▸ Problem statement: Transcribe the data below exactly, but only from the line containing "rect 2.5x3.6 smd: 0(-4.8,0) 0(4.8,0)" through its final line, both included.

Records from a collection:

++++++++++

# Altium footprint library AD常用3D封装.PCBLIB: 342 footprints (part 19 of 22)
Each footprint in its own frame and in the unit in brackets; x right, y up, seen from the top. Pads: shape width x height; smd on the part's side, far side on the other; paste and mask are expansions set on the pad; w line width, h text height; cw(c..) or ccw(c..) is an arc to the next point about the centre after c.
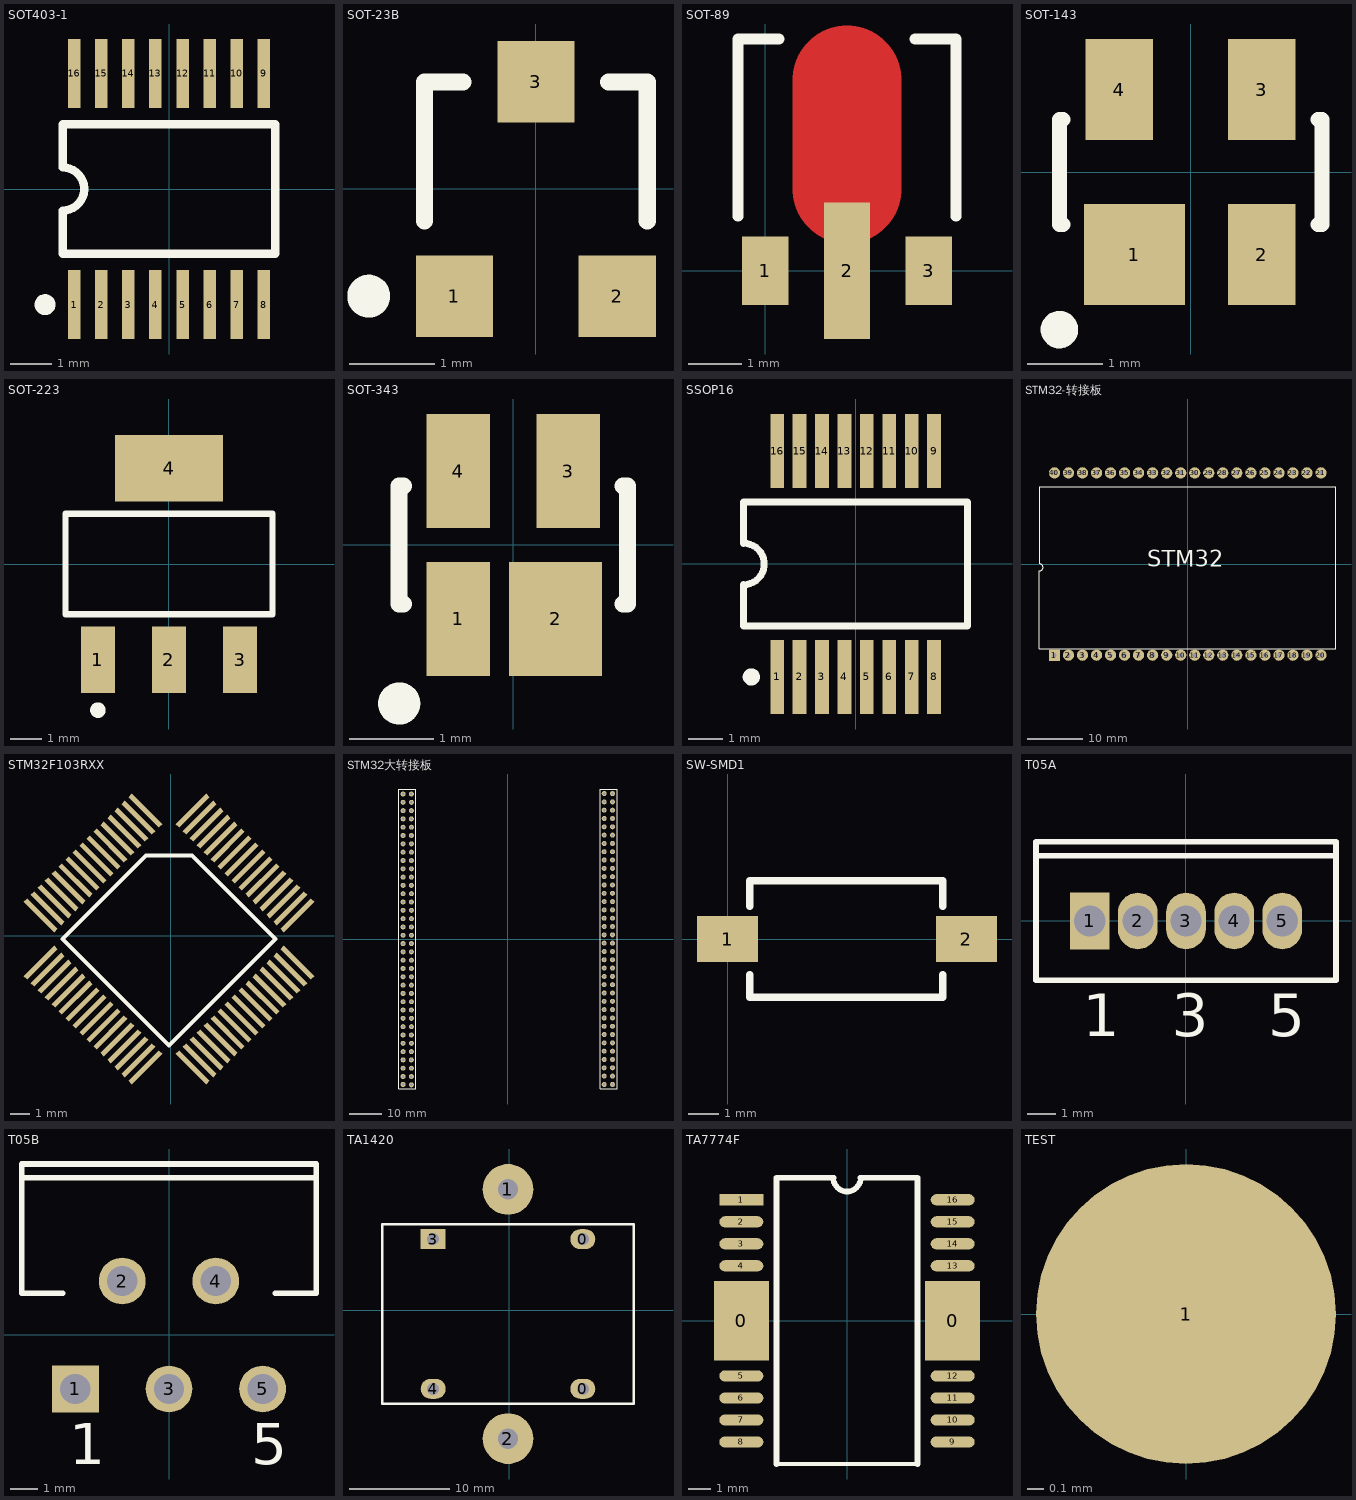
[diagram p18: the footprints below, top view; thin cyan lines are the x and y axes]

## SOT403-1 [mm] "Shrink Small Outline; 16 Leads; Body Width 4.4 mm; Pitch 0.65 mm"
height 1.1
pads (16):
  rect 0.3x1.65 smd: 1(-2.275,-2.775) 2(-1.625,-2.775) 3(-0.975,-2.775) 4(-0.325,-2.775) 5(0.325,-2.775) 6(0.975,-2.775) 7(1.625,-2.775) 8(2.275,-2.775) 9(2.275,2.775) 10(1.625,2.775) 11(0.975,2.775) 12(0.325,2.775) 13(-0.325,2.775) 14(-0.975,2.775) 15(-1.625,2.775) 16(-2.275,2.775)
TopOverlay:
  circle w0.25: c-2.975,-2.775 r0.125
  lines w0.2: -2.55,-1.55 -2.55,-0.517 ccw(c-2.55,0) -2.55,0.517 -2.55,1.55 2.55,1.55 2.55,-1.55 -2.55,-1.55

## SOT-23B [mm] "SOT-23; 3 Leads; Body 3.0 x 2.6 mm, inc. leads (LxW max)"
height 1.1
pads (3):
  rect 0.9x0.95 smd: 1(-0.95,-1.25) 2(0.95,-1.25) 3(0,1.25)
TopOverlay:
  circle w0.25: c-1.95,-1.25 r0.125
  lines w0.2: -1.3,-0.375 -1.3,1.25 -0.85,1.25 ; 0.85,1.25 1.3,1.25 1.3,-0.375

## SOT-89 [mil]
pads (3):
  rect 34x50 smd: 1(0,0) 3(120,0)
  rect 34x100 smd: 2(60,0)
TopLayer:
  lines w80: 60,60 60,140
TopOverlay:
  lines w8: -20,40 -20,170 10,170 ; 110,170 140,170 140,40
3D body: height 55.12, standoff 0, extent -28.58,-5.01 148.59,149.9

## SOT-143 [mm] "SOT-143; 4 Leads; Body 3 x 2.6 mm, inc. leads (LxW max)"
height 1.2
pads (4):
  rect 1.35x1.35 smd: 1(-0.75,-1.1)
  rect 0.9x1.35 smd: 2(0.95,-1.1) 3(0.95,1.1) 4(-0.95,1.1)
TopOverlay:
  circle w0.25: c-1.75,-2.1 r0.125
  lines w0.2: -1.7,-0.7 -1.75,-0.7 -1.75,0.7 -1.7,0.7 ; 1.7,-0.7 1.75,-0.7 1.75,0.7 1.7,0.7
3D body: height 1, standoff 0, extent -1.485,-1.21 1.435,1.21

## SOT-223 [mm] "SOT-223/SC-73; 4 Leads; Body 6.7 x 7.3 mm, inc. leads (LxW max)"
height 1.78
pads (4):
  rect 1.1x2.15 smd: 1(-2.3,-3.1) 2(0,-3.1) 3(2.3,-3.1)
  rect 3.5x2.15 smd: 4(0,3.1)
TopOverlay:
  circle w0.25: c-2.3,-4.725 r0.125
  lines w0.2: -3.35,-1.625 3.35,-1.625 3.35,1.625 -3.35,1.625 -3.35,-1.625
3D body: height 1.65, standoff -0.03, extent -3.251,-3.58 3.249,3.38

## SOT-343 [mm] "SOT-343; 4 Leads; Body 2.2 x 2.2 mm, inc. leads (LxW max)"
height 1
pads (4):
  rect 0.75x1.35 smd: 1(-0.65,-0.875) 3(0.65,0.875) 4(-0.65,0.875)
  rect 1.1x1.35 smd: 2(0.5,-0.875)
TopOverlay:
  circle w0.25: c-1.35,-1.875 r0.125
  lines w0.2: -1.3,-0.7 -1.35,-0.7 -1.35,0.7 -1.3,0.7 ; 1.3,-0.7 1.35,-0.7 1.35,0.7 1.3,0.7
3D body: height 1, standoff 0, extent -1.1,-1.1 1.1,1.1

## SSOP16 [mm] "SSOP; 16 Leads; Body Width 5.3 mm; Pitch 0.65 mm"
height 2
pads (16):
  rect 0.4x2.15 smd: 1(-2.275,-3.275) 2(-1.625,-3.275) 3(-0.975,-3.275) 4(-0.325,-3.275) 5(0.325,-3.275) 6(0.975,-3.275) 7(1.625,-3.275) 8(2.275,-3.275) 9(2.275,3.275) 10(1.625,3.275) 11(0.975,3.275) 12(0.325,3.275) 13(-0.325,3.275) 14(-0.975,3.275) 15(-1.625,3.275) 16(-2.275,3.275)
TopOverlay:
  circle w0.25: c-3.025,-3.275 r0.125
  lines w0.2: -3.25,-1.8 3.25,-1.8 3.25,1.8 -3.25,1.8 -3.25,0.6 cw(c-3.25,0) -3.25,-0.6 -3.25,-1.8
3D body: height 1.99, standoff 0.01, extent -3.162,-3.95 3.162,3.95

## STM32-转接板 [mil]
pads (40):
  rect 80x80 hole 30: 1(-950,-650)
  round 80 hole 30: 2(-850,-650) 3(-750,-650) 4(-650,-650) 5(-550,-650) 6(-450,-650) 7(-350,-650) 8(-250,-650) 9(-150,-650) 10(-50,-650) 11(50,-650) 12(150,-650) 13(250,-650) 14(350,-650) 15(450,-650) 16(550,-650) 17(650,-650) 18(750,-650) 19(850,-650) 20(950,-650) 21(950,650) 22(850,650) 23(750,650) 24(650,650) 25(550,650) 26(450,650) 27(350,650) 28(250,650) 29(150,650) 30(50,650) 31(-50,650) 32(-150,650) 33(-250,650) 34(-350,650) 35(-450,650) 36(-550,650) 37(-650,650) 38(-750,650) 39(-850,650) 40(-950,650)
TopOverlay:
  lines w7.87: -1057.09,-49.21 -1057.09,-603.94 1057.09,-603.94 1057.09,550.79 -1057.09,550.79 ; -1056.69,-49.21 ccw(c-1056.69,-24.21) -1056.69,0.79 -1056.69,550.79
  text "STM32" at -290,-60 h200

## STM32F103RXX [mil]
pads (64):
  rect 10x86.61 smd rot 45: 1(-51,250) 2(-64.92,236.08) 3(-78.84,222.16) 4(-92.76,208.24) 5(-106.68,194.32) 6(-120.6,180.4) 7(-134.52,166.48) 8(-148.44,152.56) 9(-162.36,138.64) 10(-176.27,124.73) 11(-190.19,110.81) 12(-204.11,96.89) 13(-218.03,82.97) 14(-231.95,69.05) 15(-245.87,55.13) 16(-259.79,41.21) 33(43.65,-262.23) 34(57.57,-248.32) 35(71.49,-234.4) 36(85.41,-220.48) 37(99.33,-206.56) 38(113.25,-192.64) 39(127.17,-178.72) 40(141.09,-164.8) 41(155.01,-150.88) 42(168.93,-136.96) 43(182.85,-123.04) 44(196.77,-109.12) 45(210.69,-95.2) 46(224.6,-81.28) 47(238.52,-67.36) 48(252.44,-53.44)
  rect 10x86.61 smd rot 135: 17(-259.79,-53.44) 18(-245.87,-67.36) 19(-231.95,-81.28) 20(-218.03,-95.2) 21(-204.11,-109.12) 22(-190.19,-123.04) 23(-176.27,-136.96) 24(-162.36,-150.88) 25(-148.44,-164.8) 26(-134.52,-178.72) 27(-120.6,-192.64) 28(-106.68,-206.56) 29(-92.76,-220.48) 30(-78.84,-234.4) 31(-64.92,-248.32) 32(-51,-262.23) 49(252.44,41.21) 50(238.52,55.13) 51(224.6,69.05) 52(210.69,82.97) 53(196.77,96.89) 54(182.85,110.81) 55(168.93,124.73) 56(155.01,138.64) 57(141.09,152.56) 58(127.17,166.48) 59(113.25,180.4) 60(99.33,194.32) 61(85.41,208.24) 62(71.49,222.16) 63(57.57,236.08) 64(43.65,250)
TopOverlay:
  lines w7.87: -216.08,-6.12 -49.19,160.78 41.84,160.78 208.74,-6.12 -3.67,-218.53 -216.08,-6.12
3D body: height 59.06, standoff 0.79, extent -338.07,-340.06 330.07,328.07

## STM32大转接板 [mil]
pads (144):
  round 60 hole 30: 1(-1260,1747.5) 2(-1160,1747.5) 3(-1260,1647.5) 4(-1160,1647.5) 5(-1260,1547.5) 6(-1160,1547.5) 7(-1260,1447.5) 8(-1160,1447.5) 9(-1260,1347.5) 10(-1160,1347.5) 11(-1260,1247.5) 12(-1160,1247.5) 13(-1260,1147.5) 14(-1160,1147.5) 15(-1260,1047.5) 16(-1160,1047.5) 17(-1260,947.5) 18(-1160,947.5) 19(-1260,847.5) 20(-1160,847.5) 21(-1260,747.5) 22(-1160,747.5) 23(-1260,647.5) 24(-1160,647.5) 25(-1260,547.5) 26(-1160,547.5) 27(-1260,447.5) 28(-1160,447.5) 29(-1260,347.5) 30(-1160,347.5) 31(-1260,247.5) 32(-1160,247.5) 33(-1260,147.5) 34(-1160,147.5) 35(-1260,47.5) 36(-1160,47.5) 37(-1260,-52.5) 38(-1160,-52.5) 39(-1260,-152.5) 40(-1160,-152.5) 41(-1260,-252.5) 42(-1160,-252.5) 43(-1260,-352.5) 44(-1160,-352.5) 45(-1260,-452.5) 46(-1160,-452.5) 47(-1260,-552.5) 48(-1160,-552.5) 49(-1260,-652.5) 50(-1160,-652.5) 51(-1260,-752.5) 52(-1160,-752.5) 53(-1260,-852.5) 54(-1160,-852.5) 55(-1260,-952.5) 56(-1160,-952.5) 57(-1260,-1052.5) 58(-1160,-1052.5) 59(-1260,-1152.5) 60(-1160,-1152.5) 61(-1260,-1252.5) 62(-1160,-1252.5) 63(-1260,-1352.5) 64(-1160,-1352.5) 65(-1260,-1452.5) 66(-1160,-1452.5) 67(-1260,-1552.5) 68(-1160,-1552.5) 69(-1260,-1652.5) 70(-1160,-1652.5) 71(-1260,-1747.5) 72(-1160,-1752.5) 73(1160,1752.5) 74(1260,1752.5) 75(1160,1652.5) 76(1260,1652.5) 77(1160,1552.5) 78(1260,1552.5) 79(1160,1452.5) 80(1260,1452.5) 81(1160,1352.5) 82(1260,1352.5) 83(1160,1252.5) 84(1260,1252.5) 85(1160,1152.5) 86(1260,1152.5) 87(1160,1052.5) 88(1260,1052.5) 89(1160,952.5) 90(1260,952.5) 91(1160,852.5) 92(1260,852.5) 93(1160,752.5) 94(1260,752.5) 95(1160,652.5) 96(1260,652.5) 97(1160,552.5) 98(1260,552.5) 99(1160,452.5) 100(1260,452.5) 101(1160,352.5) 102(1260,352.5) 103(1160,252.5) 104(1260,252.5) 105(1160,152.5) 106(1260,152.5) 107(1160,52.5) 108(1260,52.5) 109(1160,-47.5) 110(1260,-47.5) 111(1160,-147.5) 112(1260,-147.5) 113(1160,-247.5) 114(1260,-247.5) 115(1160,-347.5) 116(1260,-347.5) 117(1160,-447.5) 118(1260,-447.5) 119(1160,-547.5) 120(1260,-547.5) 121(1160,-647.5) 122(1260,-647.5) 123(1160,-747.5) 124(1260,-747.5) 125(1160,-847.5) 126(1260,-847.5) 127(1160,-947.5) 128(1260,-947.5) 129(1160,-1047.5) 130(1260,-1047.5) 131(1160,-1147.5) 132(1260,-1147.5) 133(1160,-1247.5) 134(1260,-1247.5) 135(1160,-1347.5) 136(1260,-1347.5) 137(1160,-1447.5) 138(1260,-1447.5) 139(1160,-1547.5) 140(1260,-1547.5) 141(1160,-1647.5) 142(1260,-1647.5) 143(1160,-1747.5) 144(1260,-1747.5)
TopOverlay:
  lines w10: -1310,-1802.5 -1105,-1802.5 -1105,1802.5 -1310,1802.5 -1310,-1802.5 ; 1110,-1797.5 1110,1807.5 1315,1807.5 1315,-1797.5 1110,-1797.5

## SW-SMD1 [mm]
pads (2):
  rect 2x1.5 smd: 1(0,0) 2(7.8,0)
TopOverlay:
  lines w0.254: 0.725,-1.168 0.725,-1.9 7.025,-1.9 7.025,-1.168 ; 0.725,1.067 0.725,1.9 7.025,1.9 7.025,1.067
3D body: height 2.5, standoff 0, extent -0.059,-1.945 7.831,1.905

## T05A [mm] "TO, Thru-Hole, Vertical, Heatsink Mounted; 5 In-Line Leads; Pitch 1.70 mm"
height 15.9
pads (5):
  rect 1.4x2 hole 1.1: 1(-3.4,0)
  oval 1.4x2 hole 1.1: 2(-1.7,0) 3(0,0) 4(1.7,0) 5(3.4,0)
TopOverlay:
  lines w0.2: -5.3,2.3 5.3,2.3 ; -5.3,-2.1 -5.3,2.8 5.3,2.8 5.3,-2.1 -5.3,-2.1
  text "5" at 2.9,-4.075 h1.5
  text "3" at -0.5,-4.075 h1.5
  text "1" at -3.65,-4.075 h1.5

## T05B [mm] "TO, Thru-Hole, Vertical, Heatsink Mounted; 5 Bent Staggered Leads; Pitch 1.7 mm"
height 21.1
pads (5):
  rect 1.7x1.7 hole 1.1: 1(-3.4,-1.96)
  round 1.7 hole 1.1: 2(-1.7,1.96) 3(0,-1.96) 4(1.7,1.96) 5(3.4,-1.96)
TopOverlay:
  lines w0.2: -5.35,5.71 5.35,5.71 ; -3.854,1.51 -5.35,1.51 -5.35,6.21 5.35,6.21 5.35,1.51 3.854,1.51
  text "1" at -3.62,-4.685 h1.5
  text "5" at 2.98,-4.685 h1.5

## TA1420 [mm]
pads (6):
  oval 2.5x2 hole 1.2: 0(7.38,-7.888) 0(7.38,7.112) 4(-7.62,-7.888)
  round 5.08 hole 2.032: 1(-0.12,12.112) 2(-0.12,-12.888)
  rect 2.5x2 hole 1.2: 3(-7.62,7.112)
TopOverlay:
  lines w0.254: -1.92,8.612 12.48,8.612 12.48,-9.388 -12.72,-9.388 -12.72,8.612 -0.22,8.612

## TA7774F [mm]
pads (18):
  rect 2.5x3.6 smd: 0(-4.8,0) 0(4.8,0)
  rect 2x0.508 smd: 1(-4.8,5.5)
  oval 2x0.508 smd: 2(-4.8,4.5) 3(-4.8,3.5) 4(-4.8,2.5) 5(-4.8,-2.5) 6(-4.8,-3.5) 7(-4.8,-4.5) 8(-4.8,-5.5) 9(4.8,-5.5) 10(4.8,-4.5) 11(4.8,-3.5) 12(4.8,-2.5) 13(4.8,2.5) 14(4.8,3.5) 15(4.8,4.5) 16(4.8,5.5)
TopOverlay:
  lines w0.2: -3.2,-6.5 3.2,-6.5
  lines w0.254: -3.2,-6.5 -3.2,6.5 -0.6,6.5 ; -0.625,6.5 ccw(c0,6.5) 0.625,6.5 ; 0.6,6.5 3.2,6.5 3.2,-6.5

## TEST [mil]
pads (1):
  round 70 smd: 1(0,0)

++++++++++

▸ Solution for this exercise:
  rect 2.5x3.6 smd: 0(-4.8,0) 0(4.8,0)
  rect 2x0.508 smd: 1(-4.8,5.5)
  oval 2x0.508 smd: 2(-4.8,4.5) 3(-4.8,3.5) 4(-4.8,2.5) 5(-4.8,-2.5) 6(-4.8,-3.5) 7(-4.8,-4.5) 8(-4.8,-5.5) 9(4.8,-5.5) 10(4.8,-4.5) 11(4.8,-3.5) 12(4.8,-2.5) 13(4.8,2.5) 14(4.8,3.5) 15(4.8,4.5) 16(4.8,5.5)
TopOverlay:
  lines w0.2: -3.2,-6.5 3.2,-6.5
  lines w0.254: -3.2,-6.5 -3.2,6.5 -0.6,6.5 ; -0.625,6.5 ccw(c0,6.5) 0.625,6.5 ; 0.6,6.5 3.2,6.5 3.2,-6.5

## TEST [mil]
pads (1):
  round 70 smd: 1(0,0)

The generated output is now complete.